What to produce: Your task is to quote the records from their first line through the line containing "msp.add_circle(centre, 2.25, dxfattribs=at)", with nothing added or left out.

§

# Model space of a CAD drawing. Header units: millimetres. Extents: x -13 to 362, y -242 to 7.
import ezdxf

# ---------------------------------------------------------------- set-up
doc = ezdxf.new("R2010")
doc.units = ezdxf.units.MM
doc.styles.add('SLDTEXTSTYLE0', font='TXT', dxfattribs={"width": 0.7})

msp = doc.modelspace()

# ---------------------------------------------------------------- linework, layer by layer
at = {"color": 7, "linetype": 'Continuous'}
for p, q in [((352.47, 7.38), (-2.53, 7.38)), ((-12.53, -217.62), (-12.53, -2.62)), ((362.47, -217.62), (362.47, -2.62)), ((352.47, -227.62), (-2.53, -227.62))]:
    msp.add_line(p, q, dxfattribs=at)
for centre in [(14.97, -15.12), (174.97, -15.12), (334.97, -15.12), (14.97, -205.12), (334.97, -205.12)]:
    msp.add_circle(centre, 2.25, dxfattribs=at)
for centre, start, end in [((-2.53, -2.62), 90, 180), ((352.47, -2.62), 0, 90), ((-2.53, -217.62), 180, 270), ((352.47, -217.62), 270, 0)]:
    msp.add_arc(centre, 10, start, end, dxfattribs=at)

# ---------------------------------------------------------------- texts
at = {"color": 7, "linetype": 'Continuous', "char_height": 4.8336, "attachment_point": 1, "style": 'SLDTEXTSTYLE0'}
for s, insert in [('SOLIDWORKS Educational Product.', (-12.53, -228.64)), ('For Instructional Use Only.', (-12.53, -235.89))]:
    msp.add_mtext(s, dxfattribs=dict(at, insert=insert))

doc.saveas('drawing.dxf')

§

The answer:
# Model space of a CAD drawing. Header units: millimetres. Extents: x -13 to 362, y -242 to 7.
import ezdxf

# ---------------------------------------------------------------- set-up
doc = ezdxf.new("R2010")
doc.units = ezdxf.units.MM
doc.styles.add('SLDTEXTSTYLE0', font='TXT', dxfattribs={"width": 0.7})

msp = doc.modelspace()

# ---------------------------------------------------------------- linework, layer by layer
at = {"color": 7, "linetype": 'Continuous'}
for p, q in [((352.47, 7.38), (-2.53, 7.38)), ((-12.53, -217.62), (-12.53, -2.62)), ((362.47, -217.62), (362.47, -2.62)), ((352.47, -227.62), (-2.53, -227.62))]:
    msp.add_line(p, q, dxfattribs=at)
for centre in [(14.97, -15.12), (174.97, -15.12), (334.97, -15.12), (14.97, -205.12), (334.97, -205.12)]:
    msp.add_circle(centre, 2.25, dxfattribs=at)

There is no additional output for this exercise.